Equally interesting and courageous is the way Ramu has, in a sense, belled the cat without being harsh on Neeraj Grover who has been painted in popular opinion as a hapless victim of Susairaj and Matthew’s machinations, while the whiff of the casting couch in this case has been largely glossed over. Ashish from the film could not possibly have been so naïve as to not detect Anusha’s desperation for a break. But Ramu leaves it to us, the audience, to decide whether he was callously tapping into that desperation or he was also genuinely attracted to her?

The matter of factness of the narrative is the USP of Not A Love Story. It’s worthy of a special mention because Indian film makers tend to avoid making films on recent history and current events, and audiences seem averse to such efforts too. Well, if a real-life crime fresh in public memory is to be transferred to celluloid, then I guess this is the best tone to adopt.

The lead trio of Not A Love Story acquit themselves very well though Dobriyal deserves to be singled out for a nuanced performance. What does this film in though is the eccentricity that leads the director to use highly distracting and hard-to-watch camera angles and movements. At first, when his lens kept focusing on Anusha’s various body parts, I thought perhaps this was meant as a comment on the exploitative nature of the glamour industry that would be gradually revealed to us through the film. But when the focus then shifted – quite untitillatingly – sometimes to her knee, sometimes to another character’s shoulder, then it came across as mere idiosyncracy. It was not offensive or pretentious as much as ridiculously unnecessary, because elsewhere in the film Ramu actually managed to convey a sense of gloom, doom and foreboding in Anusha’s life through the same camera. The mood is further built up with the repeated playing of the title song from Rangeela, Ramu’s far more positive earlier take on the struggle to enter Bollywood.

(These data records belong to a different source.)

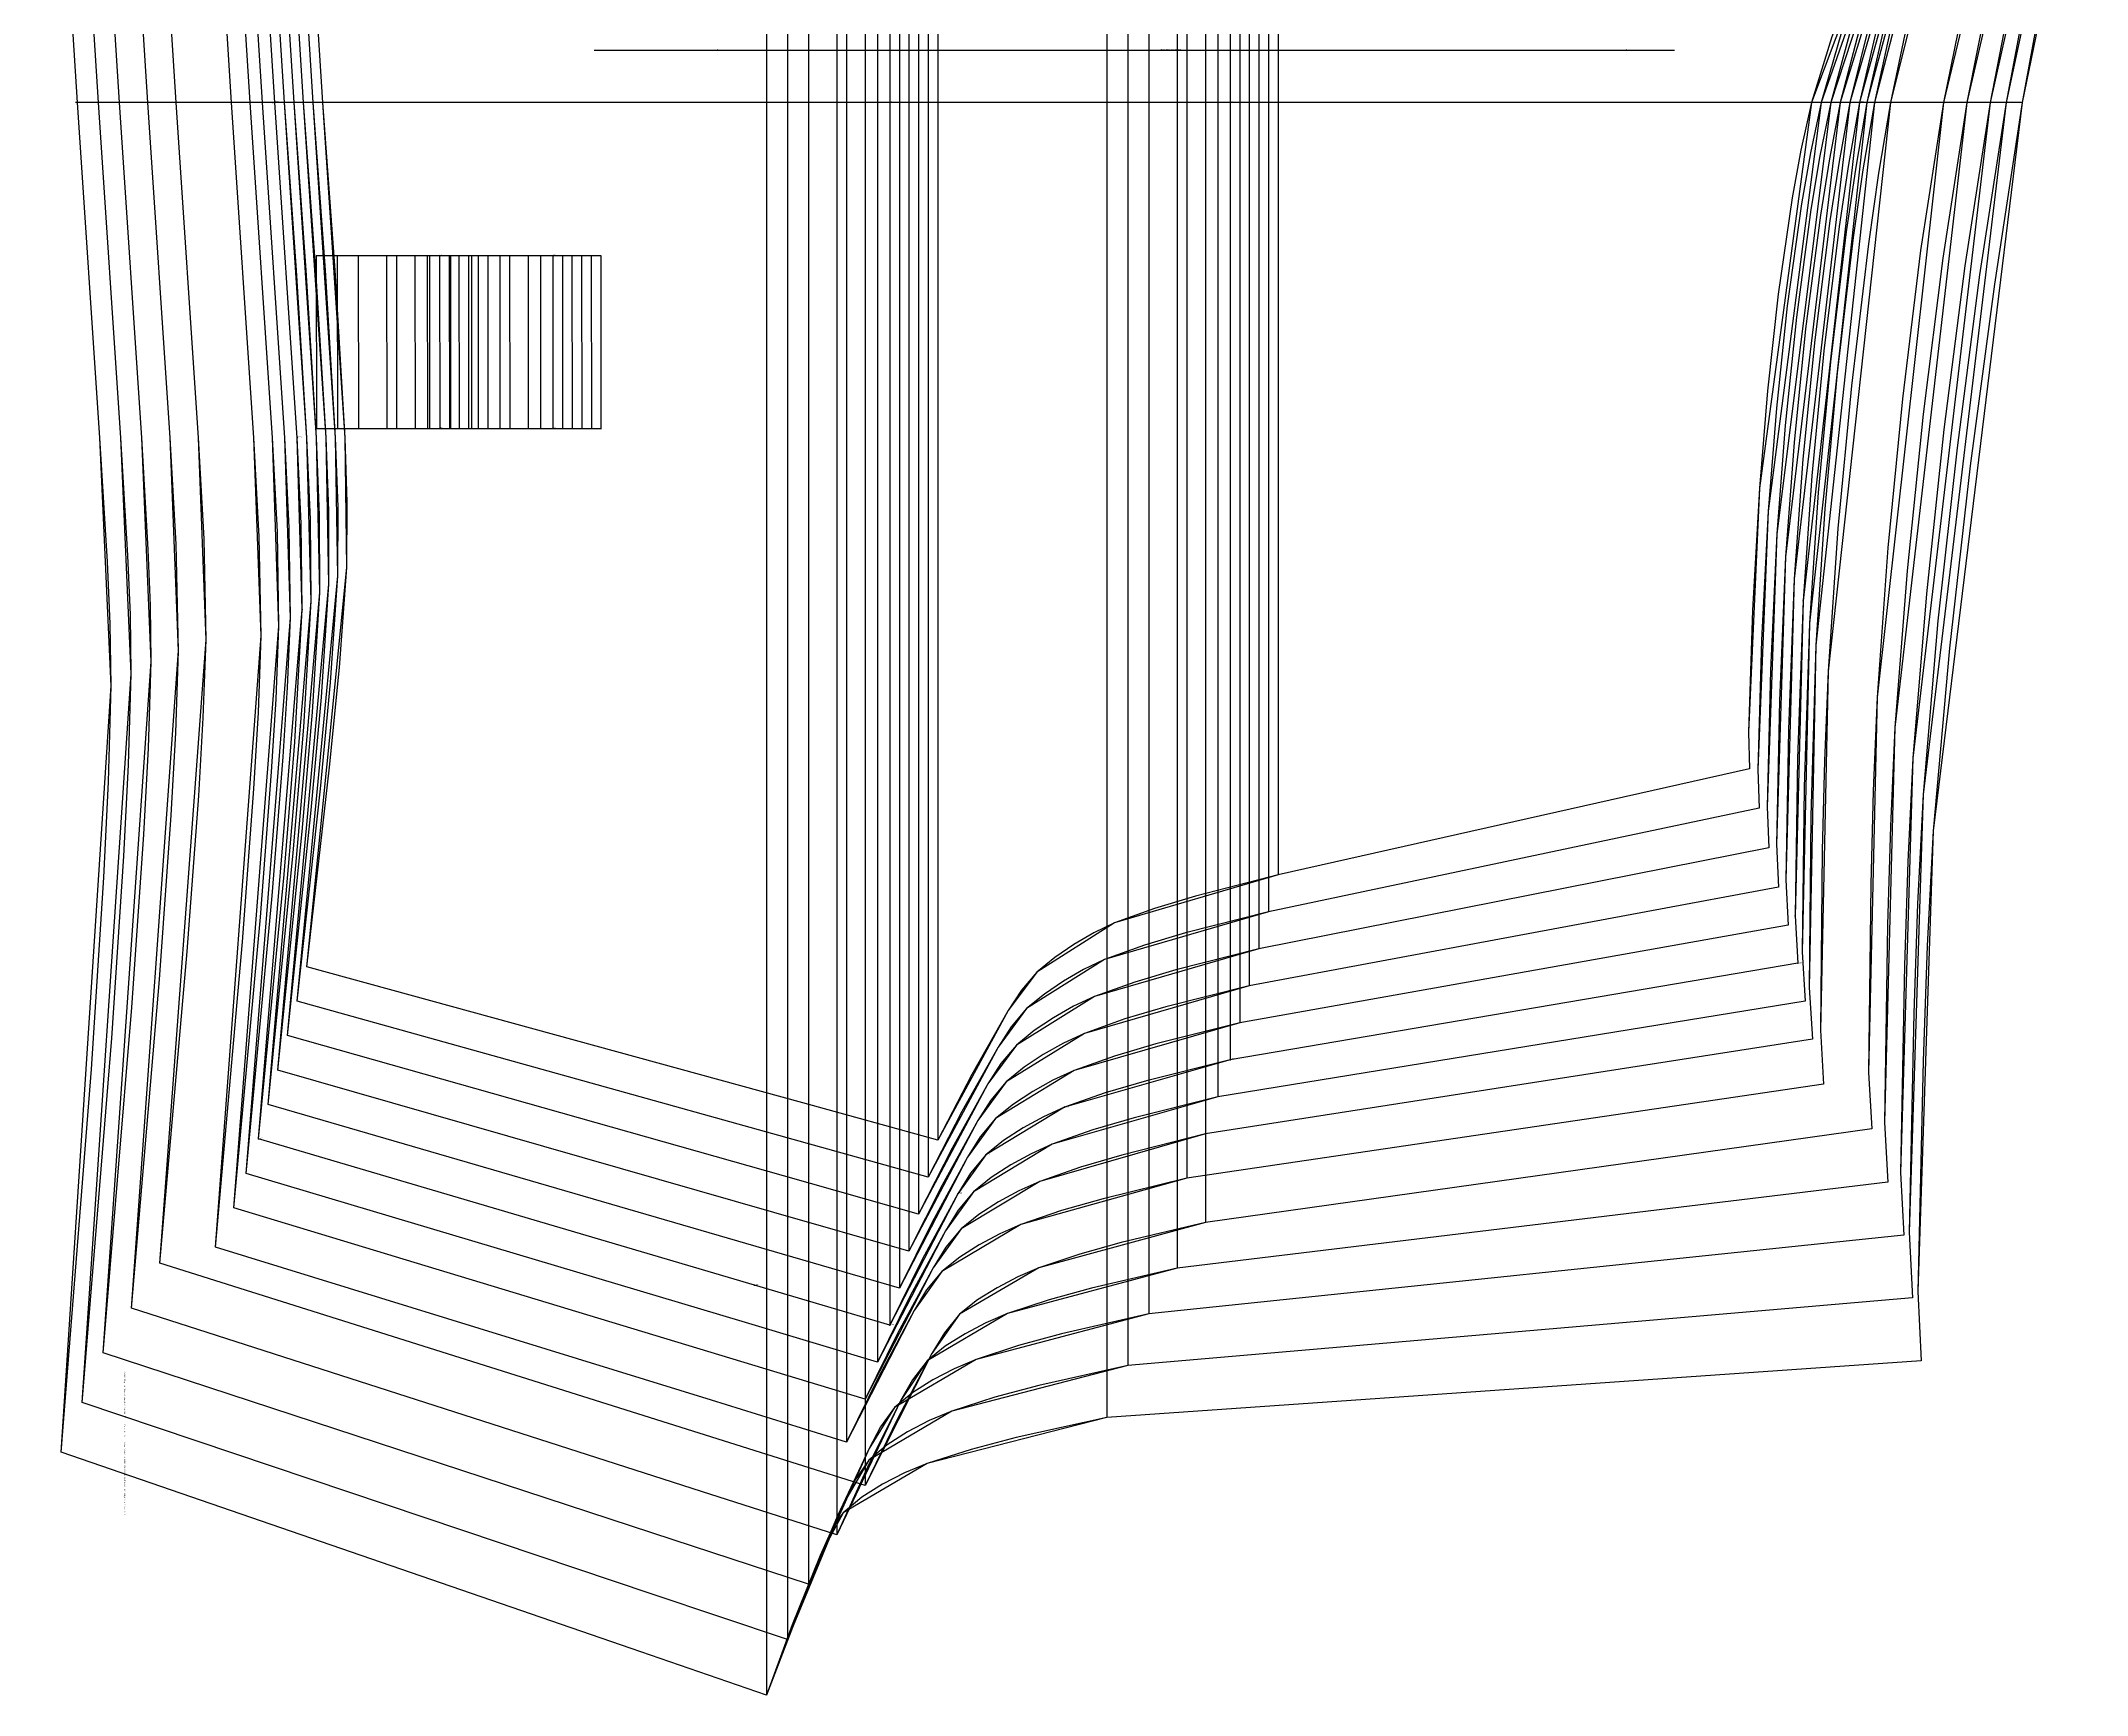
# Model space of a CAD drawing. Extents: x -17 to 2388, y -41 to 629.
# Drawn here: x -16.9 to 398, y -40.7 to 294.6 of the extents above; entities that cross this region are included whole.
import ezdxf

# ---------------------------------------------------------------- set-up
doc = ezdxf.new("R2010")
doc.units = 0

# ---------------------------------------------------------------- blocks, each defined once
blk = doc.blocks.new('GLX4802SLS_26')
at = {"layer": '1'}
for points in [[(37.0078, 106.9722), (45.113, 187.9092), (44.8158, 214.2186), (40.2845, 282.1331), (36.6548, 339.4863), (34.2113, 384.683), (33.2258, 468.9348)], [(386.9665, 396.0496), (385.0895, 391.2007), (361.8459, 334.6654), (342.0822, 282.1331), (331.564, 204.0001), (329.2831, 154.5413), (329.5498, 147.0864)], [(329.5498, 147.0864), (233.962, 125.6361), (200.7896, 115.8622), (185.0441, 105.8774), (179.2072, 98.1329), (164.9604, 71.8363)], [(164.9604, 71.8363), (137.5588, 79.3573), (37.0078, 106.9722)]]:
    blk.add_lwpolyline(points, dxfattribs=at)
at = {"layer": '5'}
blk.add_line((130.0404, 292.7427), (314.32, 292.7427), dxfattribs=at)
at = {"layer": '7'}
blk.add_line((130.0404, 292.7427), (314.32, 292.7427), dxfattribs=at)
at = {"layer": '8'}
for p, q in [((233.962, 438.6301), (233.962, 125.6361)), ((96.7055, 251.0917), (73.7058, 251.0714)), ((73.7058, 251.0664), (73.7362, 216.0651)), ((96.736, 216.0855), (96.7055, 251.0867)), ((73.7388, 216.0702), (96.7385, 216.0906))]:
    blk.add_line(p, q, dxfattribs=at)
for points in [[(164.9604, 480.8017), (164.9604, 282.1331), (164.9604, 71.8363)], [(342.0822, 282.1331), (233.962, 282.1331), (39.906, 282.1331)]]:
    blk.add_lwpolyline(points, dxfattribs=at)
at = {"layer": '84'}
for points in [[(37.0078, 106.9722), (41.6129, 147.3988), (43.622, 167.635), (45.113, 187.9092), (45.2324, 201.0614), (44.8158, 214.2186), (42.766, 248.186), (40.2845, 282.1331), (36.6548, 339.4863), (34.2113, 384.683), (33.5001, 426.8039), (33.2258, 468.9348)], [(386.9665, 396.0496), (385.0895, 391.2007), (361.8459, 334.6654), (351.1271, 308.6685), (346.2452, 295.5113), (342.0822, 282.1331), (339.9333, 272.5217), (338.1553, 262.8316), (335.3309, 243.3193), (333.1693, 223.6877), (331.564, 204.0001), (330.1594, 179.2885), (329.2831, 154.5413), (329.5498, 147.0864)], [(329.5498, 147.0864), (233.962, 125.6361), (217.1701, 121.3003), (208.8947, 118.8136), (200.7896, 115.8622), (196.5656, 113.8302), (192.5168, 111.473), (188.6484, 108.8441), (185.0441, 105.8774), (181.8945, 102.197), (179.2072, 98.1329), (171.8488, 85.1231), (164.9604, 71.8363)], [(164.9604, 71.8363), (137.5588, 79.3573), (37.0078, 106.9722)]]:
    blk.add_lwpolyline(points, dxfattribs=at)
at = {"layer": '85'}
for points in [[(164.9604, 480.8017), (164.9604, 282.1331), (164.9604, 71.8363)], [(233.962, 438.6301), (233.962, 125.6361)], [(342.0822, 282.1331), (233.962, 282.1331), (39.906, 282.1331)], [(96.7055, 251.0917), (73.7058, 251.0714)], [(73.7058, 251.0664), (73.7362, 216.0651)], [(96.736, 216.0855), (96.7055, 251.0867)], [(73.7388, 216.0702), (96.7385, 216.0906)]]:
    blk.add_lwpolyline(points, dxfattribs=at)
at = {"layer": '1'}
blk.add_text('Piece Name: GLX4802SLS', height=0.25, dxfattribs=at).set_placement((210.0961, 292.7401))
blk = doc.blocks.new('GLX4802SLS_28')
at = {"layer": '1'}
for points in [[(35.0571, 99.9922), (43.3045, 186.2074), (42.8651, 214.2186), (38.3337, 282.1331), (34.7041, 339.4863), (32.192, 387.1214), (31.2751, 475.9148)], [(388.9172, 404.0505), (387.0402, 398.8613), (363.7382, 338.3306), (344.0329, 282.1331), (333.3217, 199.3519), (331.1754, 146.9771), (331.5005, 139.0854)], [(331.5005, 139.0854), (232.0138, 118.1355), (198.7525, 108.4377), (182.9664, 98.4758), (177.1651, 90.7009), (163.0122, 64.3357)], [(163.0122, 64.3357), (135.6106, 71.9684), (35.0571, 99.9922)]]:
    blk.add_lwpolyline(points, dxfattribs=at)
at = {"layer": '5'}
blk.add_line((128.0897, 292.7427), (312.3718, 292.7427), dxfattribs=at)
at = {"layer": '7'}
blk.add_line((128.0897, 292.7427), (312.3718, 292.7427), dxfattribs=at)
at = {"layer": '8'}
for p, q in [((232.0138, 446.1307), (232.0138, 118.1355)), ((94.7548, 251.0917), (71.755, 251.0714)), ((71.755, 251.0664), (71.7855, 216.0651)), ((94.7852, 216.0855), (94.7548, 251.0867)), ((71.7881, 216.0702), (94.7903, 216.0906))]:
    blk.add_line(p, q, dxfattribs=at)
for points in [[(163.0122, 488.3023), (163.0122, 282.1331), (163.0122, 64.3357)], [(344.0329, 282.1331), (232.0138, 282.1331), (37.9553, 282.1331)]]:
    blk.add_lwpolyline(points, dxfattribs=at)
at = {"layer": '84'}
for points in [[(35.0571, 99.9922), (39.7688, 143.0579), (41.8161, 164.6124), (43.3045, 186.2074), (43.3629, 200.213), (42.8651, 214.2186), (40.7975, 248.186), (38.3337, 282.1331), (34.7041, 339.4863), (33.2944, 363.2962), (32.192, 387.1214), (31.5037, 431.513), (31.2751, 475.9148)], [(388.9172, 404.0505), (387.0402, 398.8613), (363.7382, 338.3306), (353.0499, 310.482), (348.1883, 296.4104), (344.0329, 282.1331), (341.8663, 271.9299), (340.0654, 261.6556), (337.1825, 240.98), (334.9626, 220.1952), (333.3217, 199.3519), (331.9679, 173.1798), (331.1754, 146.9771), (331.5005, 139.0854)], [(331.5005, 139.0854), (232.0138, 118.1355), (215.1762, 113.8403), (206.8805, 111.374), (198.7525, 108.4377), (194.5158, 106.4159), (190.4543, 104.0689), (186.5783, 101.4451), (182.9664, 98.4758), (179.8321, 94.7827), (177.1651, 90.7009), (169.8524, 77.6555), (163.0122, 64.3357)], [(163.0122, 64.3357), (135.6106, 71.9684), (35.0571, 99.9922)]]:
    blk.add_lwpolyline(points, dxfattribs=at)
at = {"layer": '85'}
for points in [[(163.0122, 488.3023), (163.0122, 282.1331), (163.0122, 64.3357)], [(232.0138, 446.1307), (232.0138, 118.1355)], [(344.0329, 282.1331), (232.0138, 282.1331), (37.9553, 282.1331)], [(94.7548, 251.0917), (71.755, 251.0714)], [(71.755, 251.0664), (71.7855, 216.0651)], [(94.7852, 216.0855), (94.7548, 251.0867)], [(71.7881, 216.0702), (94.7903, 216.0906)]]:
    blk.add_lwpolyline(points, dxfattribs=at)
at = {"layer": '1'}
blk.add_text('Piece Name: GLX4802SLS', height=0.25, dxfattribs=at).set_placement((210.0961, 292.7401))
blk = doc.blocks.new('GLX4802SLS_30')
at = {"layer": '1'}
for points in [[(33.109, 93.0098), (41.4986, 184.5057), (40.9169, 214.2186), (36.3856, 282.1331), (32.7559, 339.4863), (30.1778, 389.5598), (29.3269, 482.8947)], [(390.8654, 412.049), (388.9909, 406.522), (365.6305, 341.9984), (345.9811, 282.1331), (335.0768, 194.7038), (333.0702, 139.4105), (333.4487, 131.0818)], [(333.4487, 131.0818), (230.0631, 110.6323), (196.7231, 100.9524), (180.8912, 91.0717), (175.1178, 83.2638), (161.0615, 56.8325)], [(161.0615, 56.8325), (133.6599, 64.5567), (33.109, 93.0098)]]:
    blk.add_lwpolyline(points, dxfattribs=at)
at = {"layer": '5'}
blk.add_line((126.1415, 292.7427), (310.4211, 292.7427), dxfattribs=at)
at = {"layer": '7'}
blk.add_line((126.1415, 292.7427), (310.4211, 292.7427), dxfattribs=at)
at = {"layer": '8'}
for p, q in [((230.0631, 453.6314), (230.0631, 110.6323)), ((92.8066, 251.0892), (69.8069, 251.0689)), ((69.8069, 251.0664), (69.8374, 216.0626)), ((92.8371, 216.0829), (92.8066, 251.0841)), ((69.8399, 216.0702), (92.8396, 216.088))]:
    blk.add_line(p, q, dxfattribs=at)
for points in [[(161.0615, 495.803), (161.0615, 282.1331), (161.0615, 56.8325)], [(345.9811, 282.1331), (230.0631, 282.1331), (36.0071, 282.1331)]]:
    blk.add_lwpolyline(points, dxfattribs=at)
at = {"layer": '84'}
for points in [[(33.109, 93.0098), (37.9273, 138.7171), (40.0076, 161.5923), (41.4986, 184.5057), (41.496, 199.3621), (40.9169, 214.2186), (38.8341, 248.1834), (36.3856, 282.1331), (32.7559, 339.4863), (31.3005, 364.5154), (30.1778, 389.5598), (29.5098, 436.2222), (29.3269, 482.8947)], [(390.8654, 412.049), (388.9909, 406.522), (365.6305, 341.9984), (354.9778, 312.3007), (350.134, 297.3121), (345.9811, 282.1331), (343.8018, 271.3406), (341.9755, 260.4821), (339.0316, 238.6457), (336.7558, 216.7052), (335.0768, 194.7038), (333.7764, 167.0762), (333.0702, 139.4105), (333.4487, 131.0818)], [(333.4487, 131.0818), (230.0631, 110.6323), (213.1924, 106.3422), (204.8765, 103.8784), (196.7231, 100.9524), (192.4762, 98.9559), (188.3995, 96.6318), (184.5082, 94.0309), (180.8912, 91.0717), (177.7645, 87.3684), (175.1178, 83.2638), (167.856, 70.1853), (161.0615, 56.8325)], [(161.0615, 56.8325), (133.6599, 64.5567), (33.109, 93.0098)]]:
    blk.add_lwpolyline(points, dxfattribs=at)
at = {"layer": '85'}
for points in [[(161.0615, 495.803), (161.0615, 282.1331), (161.0615, 56.8325)], [(230.0631, 453.6314), (230.0631, 110.6323)], [(345.9811, 282.1331), (230.0631, 282.1331), (36.0071, 282.1331)], [(92.8066, 251.0892), (69.8069, 251.0689)], [(69.8069, 251.0664), (69.8374, 216.0626)], [(92.8371, 216.0829), (92.8066, 251.0841)], [(69.8399, 216.0702), (92.8396, 216.088)]]:
    blk.add_lwpolyline(points, dxfattribs=at)
at = {"layer": '1'}
blk.add_text('Piece Name: GLX4802SLS', height=0.25, dxfattribs=at).set_placement((210.0961, 292.7376))
blk = doc.blocks.new('GLX4802SLS_32')
at = {"layer": '1'}
for points in [[(31.1582, 86.0298), (39.6926, 182.8039), (38.9662, 214.2186), (34.4348, 282.1331), (30.8052, 339.4863), (28.1585, 391.9957), (27.3762, 489.8746)], [(392.8161, 420.0526), (390.9441, 414.1826), (367.5228, 345.6661), (347.9293, 282.1331), (336.8371, 190.0556), (334.9626, 131.8464), (335.3994, 123.0808)], [(335.3994, 123.0808), (228.1124, 103.1317), (194.6936, 93.467), (178.8135, 83.6676), (173.0731, 75.8292), (159.1107, 49.3319)], [(159.1107, 49.3319), (131.7092, 57.1754), (31.1582, 86.0298)]]:
    blk.add_lwpolyline(points, dxfattribs=at)
at = {"layer": '5'}
blk.add_line((124.1908, 292.7427), (308.4704, 292.7427), dxfattribs=at)
at = {"layer": '7'}
blk.add_line((124.1908, 292.7427), (308.4704, 292.7427), dxfattribs=at)
at = {"layer": '8'}
for p, q in [((228.1124, 461.132), (228.1124, 103.1317)), ((90.8559, 251.0892), (67.8562, 251.0689)), ((67.8562, 251.0664), (67.8866, 216.0626)), ((90.8863, 216.0829), (90.8559, 251.0841)), ((67.8892, 216.0702), (90.8889, 216.088))]:
    blk.add_line(p, q, dxfattribs=at)
for points in [[(159.1107, 503.3036), (159.1107, 282.1331), (159.1107, 49.3319)], [(347.9293, 282.1331), (228.1124, 282.1331), (34.0564, 282.1331)]]:
    blk.add_lwpolyline(points, dxfattribs=at)
at = {"layer": '84'}
for points in [[(31.1582, 86.0298), (36.0858, 134.3762), (38.2042, 158.5697), (39.6926, 182.8039), (39.6291, 198.5112), (38.9662, 214.2186), (36.8682, 248.1834), (34.4348, 282.1331), (30.8052, 339.4863), (29.3066, 365.7321), (28.1585, 391.9957), (27.5159, 440.9314), (27.3762, 489.8746)], [(392.8161, 420.0526), (390.9441, 414.1826), (367.5228, 345.6661), (356.9031, 314.1193), (352.0796, 298.2138), (347.9293, 282.1331), (345.7372, 270.7514), (343.8856, 259.3087), (340.8833, 236.309), (338.549, 213.2127), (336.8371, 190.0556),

Not A Love Story is not as graphically violent as you might expect – in fact, it’s far from being sensationalist in that respect. It was, however, hard to hold on to my concentration when I could feel a migraine coming on because of the pointlessly jerky camera. If, unlike me, you are not prone to headaches, do try to catch this unusual, experimental Hindi film that will remind you in part of the Ramu we all once loved.